Ratings of Fuses for household applications?

  • Thread starter Thread starter jobinhere
  • Start date Start date
  • Tags Tags
    Applications
AI Thread Summary
The discussion centers on the ratings and applications of conventional rewirable fuses, miniature circuit breakers (MCBs), and polyfuses (resettable fuses). Conventional fuses and MCBs are essential for disconnecting electrical circuits during overcurrent situations, ensuring safety by cutting off power. Polyfuses, while useful in electronic circuits, do not provide the same level of disconnection and are not suitable for household main power supply applications due to their limitations in handling sustained overcurrent conditions. The consensus emphasizes that polyfuses should not replace traditional fuses or MCBs in home wiring for safety reasons. Proper understanding of these devices is crucial for effective electrical safety and compliance with regulations.
jobinhere
Messages
3
Reaction score
0
What is the rating of conventional rewirable fuse, MCB etc.

What is the rating of polyfuse(resettable fuse or PPTC fuse). Polyfuse are normally used in electronic circuits.

Can we replace conventional household power supply main rewirable fuse with these polyfuse. Is it available in such high power requirement?

Pls help.
 
Engineering news on Phys.org
jobinhere said:
What is the rating of conventional rewirable fuse, MCB etc.

What is the rating of polyfuse(resettable fuse or PPTC fuse). Polyfuse are normally used in electronic circuits.

Can we replace conventional household power supply main rewirable fuse with these polyfuse. Is it available in such high power requirement?

Pls help.

Welcome to the PF.

What's an MCB?

In general, I don't think you can replace a real fuse with a polyfuse. What is your application?
 
MCB = miniature circuit breaker.
 
Then, In which all places, we can use a polyfuse.

What are its limitations?

Why can't we replace a conventional rewirable fuse/MCB in electric circuits in our home by a Polyfuse?
 
Hello jobinhere what is your normal working discipline?
Is English your first language?

Any competent electrical engineer or electrician would tell you that the correct term for what is popularly called a household fuse is actually a 'disconnection device'.

The important part here is the word disconnection.

The regulations in most countries require a device which actually disconnects the attached equipment from the electricity supply in the event of overcurrent.

Polyfuses (again a popular misnomer) may not be used because they do not disconnect the apparatus.

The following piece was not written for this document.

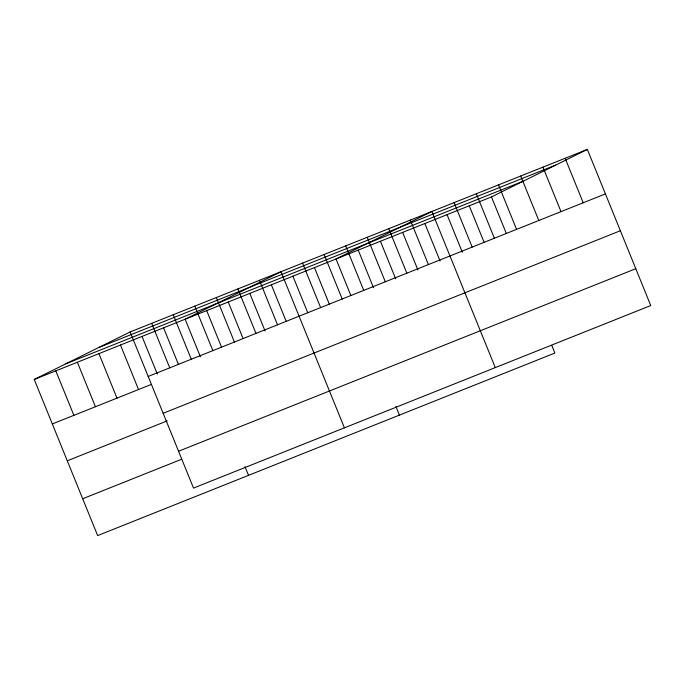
<?xml version="1.0" encoding="UTF-8"?>
<svg xmlns="http://www.w3.org/2000/svg" width="685" height="685" viewBox="0 0 685 685"><rect width="100%" height="100%" fill="white"/><g stroke="black" fill="none" stroke-linecap="round" stroke-linejoin="round"><path stroke-width="1.03" d="M551.725 345.3L554.876 353.049L97.647 535.584L34.25 379.456L130.124 331.951L587.353 149.416L650.75 305.544L193.521 488.08L130.124 331.951M34.25 379.456L491.479 196.92L587.353 149.416M98.486 347.629L555.715 165.094M65.888 363.778L523.117 181.242M148.191 376.442L605.42 193.906M52.317 423.946L151.274 384.448M163.15 413.278L620.379 230.742M67.276 460.791L167.208 420.89M178.562 451.235L635.791 268.7M82.688 498.748L181.645 459.241M565.142 158.278L583.209 202.769M542.94 167.149L561.006 211.639M520.728 176.011L538.795 220.501M498.517 184.881L516.584 229.372M491.479 196.92L506.335 233.508M476.315 193.744L494.373 238.234M469.268 205.791L484.124 242.37M454.104 202.606L472.171 247.097M447.065 214.653L462.315 252.226M495.289 367.605L431.892 211.477L336.018 258.981L350.874 295.569M424.854 223.524L440.112 261.088M410.341 220.082L428.408 264.573M402.643 232.386L417.901 269.958M388.78 228.687L406.847 273.178M380.44 241.257L395.69 278.821M367.228 237.293L385.295 281.783M358.229 250.119L373.488 287.691M345.677 245.898L363.744 290.389M395.879 406.385L399.415 415.11M324.116 254.503L342.183 298.994M314.466 267.587L329.322 304.174M302.565 263.108L320.631 307.599M292.915 276.192L307.762 312.78M344.409 427.842L281.013 271.714L185.138 319.219L200.388 356.791M271.354 284.797L286.21 321.385M259.452 280.319L277.519 324.81M249.802 293.403L265.061 330.975M237.9 288.924L255.967 333.415M228.251 302.008L243.098 338.595M216.34 297.53L234.407 342.02M206.69 310.613L221.546 347.201M194.788 306.135L212.855 350.626M244.99 466.622L248.535 475.347M173.236 314.74L191.295 359.231M163.578 327.824L178.434 364.411M151.676 323.346L169.743 367.836M142.026 336.429L157.285 374.001M120.474 345.034L138.533 389.525M98.914 353.64L116.981 398.131M77.362 362.245L95.429 406.736M55.802 370.85L73.869 415.341"/></g></svg>
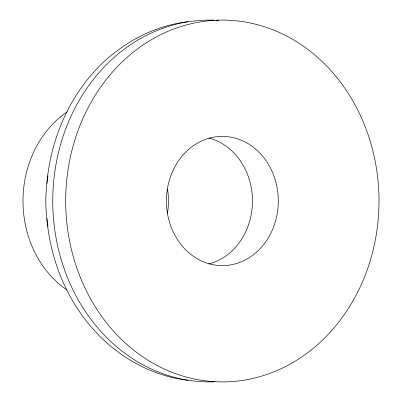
<?xml version="1.0" encoding="UTF-8"?>
<svg xmlns="http://www.w3.org/2000/svg" width="402" height="402" viewBox="0 0 402 402"><rect width="100%" height="100%" fill="white"/><g stroke="black" fill="none" stroke-linecap="round" stroke-linejoin="round"><path stroke-width="0.6" d="M46.838 183.488C51.16 133.203 74.626 83.727 114.866 52.431L116.62 51.175C137.343 35.346 162.071 24.778 188.02 21.673M188.02 380.327C162.071 377.222 137.343 366.654 116.62 350.825L114.866 349.569C74.626 318.273 51.16 268.797 46.838 218.512M209.01 138.027A64.606 55.953 90 0 1 252.456 201.131A64.606 55.953 90 0 1 208.789 264.029M48.009 226.331A129.213 111.902 90 0 1 48.009 175.669M167.493 189.005A64.606 55.953 -90 0 1 167.363 213.763M66.858 289.917A103.369 89.52 90 0 1 67.36 111.741M214.397 381.81A180.9 156.664 -90 0 1 52.757 201A180.9 156.664 -90 0 1 214.397 20.19M216.256 20.271A180.9 156.664 -90 0 1 218.738 20.422M350.433 305.163A180.9 156.664 -90 0 0 236.421 20.834A180.9 156.664 -90 0 0 80.179 277.008A180.9 156.664 -90 0 0 350.433 305.163M269.26 236.21A64.606 55.953 -90 0 0 225.296 136.484A64.606 55.953 -90 0 0 172.483 230.311A64.606 55.953 -90 0 0 269.26 236.21"/></g></svg>

This is an extremely important safety matter which should not be taken lightly.
 
jobinhere said:
Then, In which all places, we can use a polyfuse.

What are its limitations?

The polyfuse only increases in resistance when it is overloaded. When it cools down, the resistance returns to its regular low value.

So it is useful for protecting some electronic circuits from overcurrent conditions, but only if the short-circuit condition that caused the overcurrent is of short duration. If the short circuit fault condition is permanent, the polyfuse will eventually fail...

http://en.wikipedia.org/wiki/Resettable_fuse

.
 
So it is useful for protecting some electronic circuits from overcurrent conditions

A fuse or breaker is there to protect the user and the building (wiring), not the connected electronic circuit.